» MATERIAL FOR THIS EXERCISE:
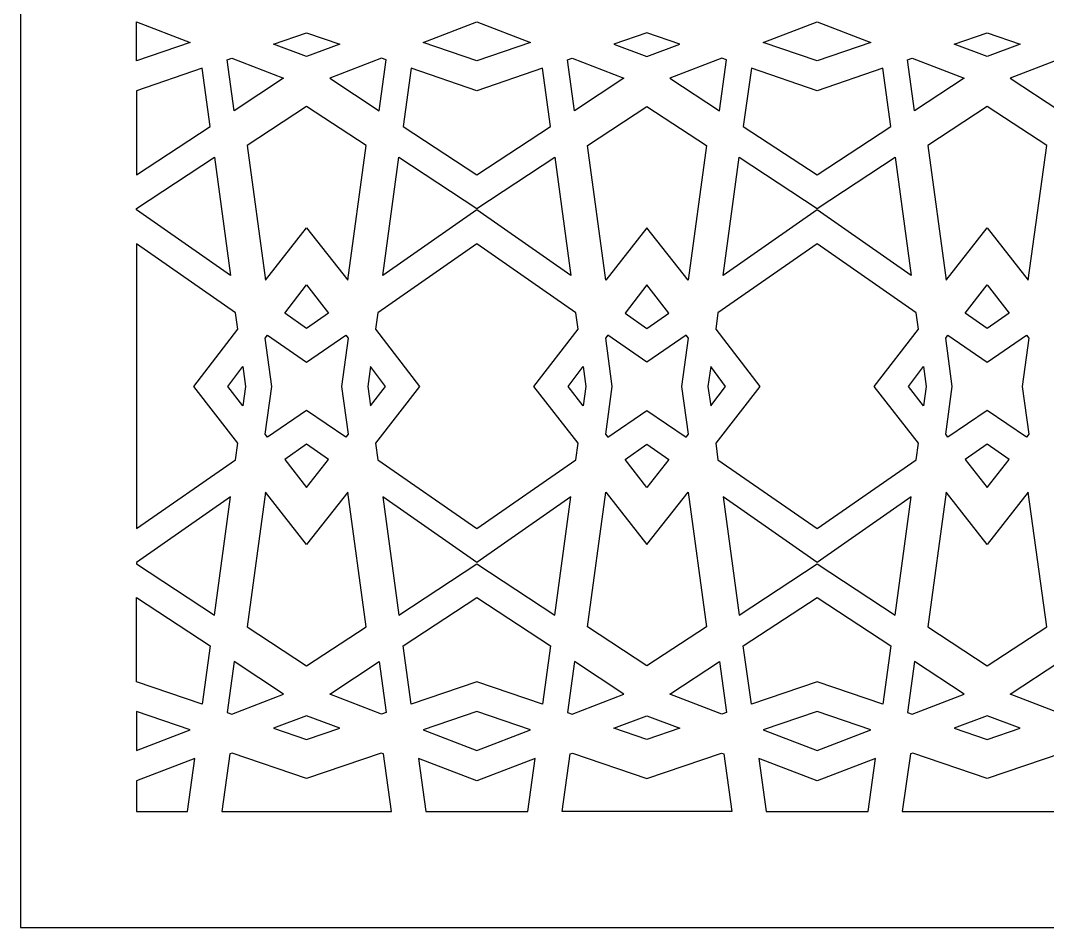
# Model space of a CAD drawing. Header units: millimetres. Extents: x -503 to 497, y -490 to 510.
# Drawn here: x -503 to 28, y -490 to -21 of the extents above; entities that cross this region are included whole.
import ezdxf

# ---------------------------------------------------------------- set-up
doc = ezdxf.new("R2010")
doc.units = ezdxf.units.MM
doc.layers.add('Plan 1', color=7, linetype='Continuous')

msp = doc.modelspace()

# ---------------------------------------------------------------- linework, layer by layer
at = {"layer": 'Plan 1', "color": 17}
for points, knots in [([(-502.7, 509.84), (-502.7, 509.84), (497.3, 509.84), (497.3, 509.84), (497.3, 509.84), (497.3, 509.84), (497.3, -490.16), (497.3, -490.16), (497.3, -490.16), (497.3, -490.16), (-502.7, -490.16), (-502.7, -490.16), (-502.7, -490.16), (-502.7, -490.16), (-502.7, 509.84), (-502.7, 509.84)], [0, 0, 0, 0, 0.2, 0.2, 0.2, 0.2, 0.4, 0.4, 0.4, 0.4, 0.6, 0.6, 0.6, 0.6, 1, 1, 1, 1]), ([(-414.89, -32.37), (-414.89, -32.37), (-442.7, -21.71), (-442.7, -21.71), (-442.7, -21.71), (-442.7, -21.71), (-442.7, -41.83), (-442.7, -41.83), (-442.7, -41.83), (-442.7, -41.83), (-414.89, -32.37), (-414.89, -32.37)], [0, 0, 0, 0, 0.25, 0.25, 0.25, 0.25, 0.5, 0.5, 0.5, 0.5, 1, 1, 1, 1]), ([(-238.89, -32.37), (-238.89, -32.37), (-266.7, -21.71), (-266.7, -21.71), (-266.7, -21.71), (-266.7, -21.71), (-294.5, -32.37), (-294.5, -32.37), (-294.5, -32.37), (-294.5, -32.37), (-266.7, -41.83), (-266.7, -41.83), (-266.7, -41.83), (-266.7, -41.83), (-238.89, -32.37), (-238.89, -32.37)], [0, 0, 0, 0, 0.2, 0.2, 0.2, 0.2, 0.4, 0.4, 0.4, 0.4, 0.6, 0.6, 0.6, 0.6, 1, 1, 1, 1]), ([(-62.89, -32.37), (-62.89, -32.37), (-90.7, -21.71), (-90.7, -21.71), (-90.7, -21.71), (-90.7, -21.71), (-118.5, -32.37), (-118.5, -32.37), (-118.5, -32.37), (-118.5, -32.37), (-90.7, -41.83), (-90.7, -41.83), (-90.7, -41.83), (-90.7, -41.83), (-62.89, -32.37), (-62.89, -32.37)], [0, 0, 0, 0, 0.2, 0.2, 0.2, 0.2, 0.4, 0.4, 0.4, 0.4, 0.6, 0.6, 0.6, 0.6, 1, 1, 1, 1]), ([(-354.7, -27.34), (-354.7, -27.34), (-371.79, -33.17), (-371.79, -33.17), (-371.79, -33.17), (-371.79, -33.17), (-354.7, -39.61), (-354.7, -39.61), (-354.7, -39.61), (-354.7, -39.61), (-337.61, -33.17), (-337.61, -33.17), (-337.61, -33.17), (-337.61, -33.17), (-354.7, -27.34), (-354.7, -27.34)], [0, 0, 0, 0, 0.2, 0.2, 0.2, 0.2, 0.4, 0.4, 0.4, 0.4, 0.6, 0.6, 0.6, 0.6, 1, 1, 1, 1]), ([(-178.69, -27.34), (-178.69, -27.34), (-161.61, -33.17), (-161.61, -33.17), (-161.61, -33.17), (-161.61, -33.17), (-178.69, -39.61), (-178.69, -39.61), (-178.69, -39.61), (-178.69, -39.61), (-195.78, -33.17), (-195.78, -33.17), (-195.78, -33.17), (-195.78, -33.17), (-178.69, -27.34), (-178.69, -27.34)], [0, 0, 0, 0, 0.2, 0.2, 0.2, 0.2, 0.4, 0.4, 0.4, 0.4, 0.6, 0.6, 0.6, 0.6, 1, 1, 1, 1]), ([(-2.7, -27.34), (-2.7, -27.34), (-19.79, -33.17), (-19.79, -33.17), (-19.79, -33.17), (-19.79, -33.17), (-2.7, -39.61), (-2.7, -39.61), (-2.7, -39.61), (-2.7, -39.61), (14.39, -33.17), (14.39, -33.17), (14.39, -33.17), (14.39, -33.17), (-2.7, -27.34), (-2.7, -27.34)], [0, 0, 0, 0, 0.2, 0.2, 0.2, 0.2, 0.4, 0.4, 0.4, 0.4, 0.6, 0.6, 0.6, 0.6, 1, 1, 1, 1]), ([(-366.62, -50.85), (-366.62, -50.85), (-393.42, -40.41), (-393.42, -40.41), (-393.42, -40.41), (-393.42, -40.41), (-395.83, -41.41), (-395.83, -41.41), (-395.83, -41.41), (-395.83, -41.41), (-392.22, -67.74), (-392.22, -67.74), (-392.22, -67.74), (-392.22, -67.74), (-366.62, -50.85), (-366.62, -50.85)], [0, 0, 0, 0, 0.2, 0.2, 0.2, 0.2, 0.4, 0.4, 0.4, 0.4, 0.6, 0.6, 0.6, 0.6, 1, 1, 1, 1]), ([(-342.78, -50.85), (-342.78, -50.85), (-315.98, -40.41), (-315.98, -40.41), (-315.98, -40.41), (-315.98, -40.41), (-313.57, -41.41), (-313.57, -41.41), (-313.57, -41.41), (-313.57, -41.41), (-317.18, -67.74), (-317.18, -67.74), (-317.18, -67.74), (-317.18, -67.74), (-342.78, -50.85), (-342.78, -50.85)], [0, 0, 0, 0, 0.2, 0.2, 0.2, 0.2, 0.4, 0.4, 0.4, 0.4, 0.6, 0.6, 0.6, 0.6, 1, 1, 1, 1]), ([(-190.61, -50.85), (-190.61, -50.85), (-217.42, -40.41), (-217.42, -40.41), (-217.42, -40.41), (-217.42, -40.41), (-219.82, -41.41), (-219.82, -41.41), (-219.82, -41.41), (-219.82, -41.41), (-216.22, -67.74), (-216.22, -67.74), (-216.22, -67.74), (-216.22, -67.74), (-190.61, -50.85), (-190.61, -50.85)], [0, 0, 0, 0, 0.2, 0.2, 0.2, 0.2, 0.4, 0.4, 0.4, 0.4, 0.6, 0.6, 0.6, 0.6, 1, 1, 1, 1]), ([(-166.78, -50.85), (-166.78, -50.85), (-139.97, -40.41), (-139.97, -40.41), (-139.97, -40.41), (-139.97, -40.41), (-137.56, -41.41), (-137.56, -41.41), (-137.56, -41.41), (-137.56, -41.41), (-141.17, -67.74), (-141.17, -67.74), (-141.17, -67.74), (-141.17, -67.74), (-166.78, -50.85), (-166.78, -50.85)], [0, 0, 0, 0, 0.2, 0.2, 0.2, 0.2, 0.4, 0.4, 0.4, 0.4, 0.6, 0.6, 0.6, 0.6, 1, 1, 1, 1]), ([(-14.62, -50.85), (-14.62, -50.85), (-41.42, -40.41), (-41.42, -40.41), (-41.42, -40.41), (-41.42, -40.41), (-43.83, -41.41), (-43.83, -41.41), (-43.83, -41.41), (-43.83, -41.41), (-40.22, -67.74), (-40.22, -67.74), (-40.22, -67.74), (-40.22, -67.74), (-14.62, -50.85), (-14.62, -50.85)], [0, 0, 0, 0, 0.2, 0.2, 0.2, 0.2, 0.4, 0.4, 0.4, 0.4, 0.6, 0.6, 0.6, 0.6, 1, 1, 1, 1]), ([(9.22, -50.85), (9.22, -50.85), (36.02, -40.41), (36.02, -40.41), (36.02, -40.41), (36.02, -40.41), (38.43, -41.41), (38.43, -41.41), (38.43, -41.41), (38.43, -41.41), (34.82, -67.74), (34.82, -67.74), (34.82, -67.74), (34.82, -67.74), (9.22, -50.85), (9.22, -50.85)], [0, 0, 0, 0, 0.2, 0.2, 0.2, 0.2, 0.4, 0.4, 0.4, 0.4, 0.6, 0.6, 0.6, 0.6, 1, 1, 1, 1]), ([(-442.7, -100.91), (-442.7, -100.91), (-442.7, -57.3), (-442.7, -57.3), (-442.7, -57.3), (-442.7, -57.3), (-408.71, -45.63), (-408.71, -45.63), (-408.71, -45.63), (-408.71, -45.63), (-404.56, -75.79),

» EXERCISE AIM:
For this answer, return word for word the lines from the first line of the records through the line containing "doc.layers.add('Plan 1', color=7, linetype='Continuous')". Omit the pictures.

» OUTPUT OF THE EXERCISE:
# Model space of a CAD drawing. Header units: millimetres. Extents: x -503 to 497, y -490 to 510.
# Drawn here: x -503 to 28, y -490 to -21 of the extents above; entities that cross this region are included whole.
import ezdxf

# ---------------------------------------------------------------- set-up
doc = ezdxf.new("R2010")
doc.units = ezdxf.units.MM
doc.layers.add('Plan 1', color=7, linetype='Continuous')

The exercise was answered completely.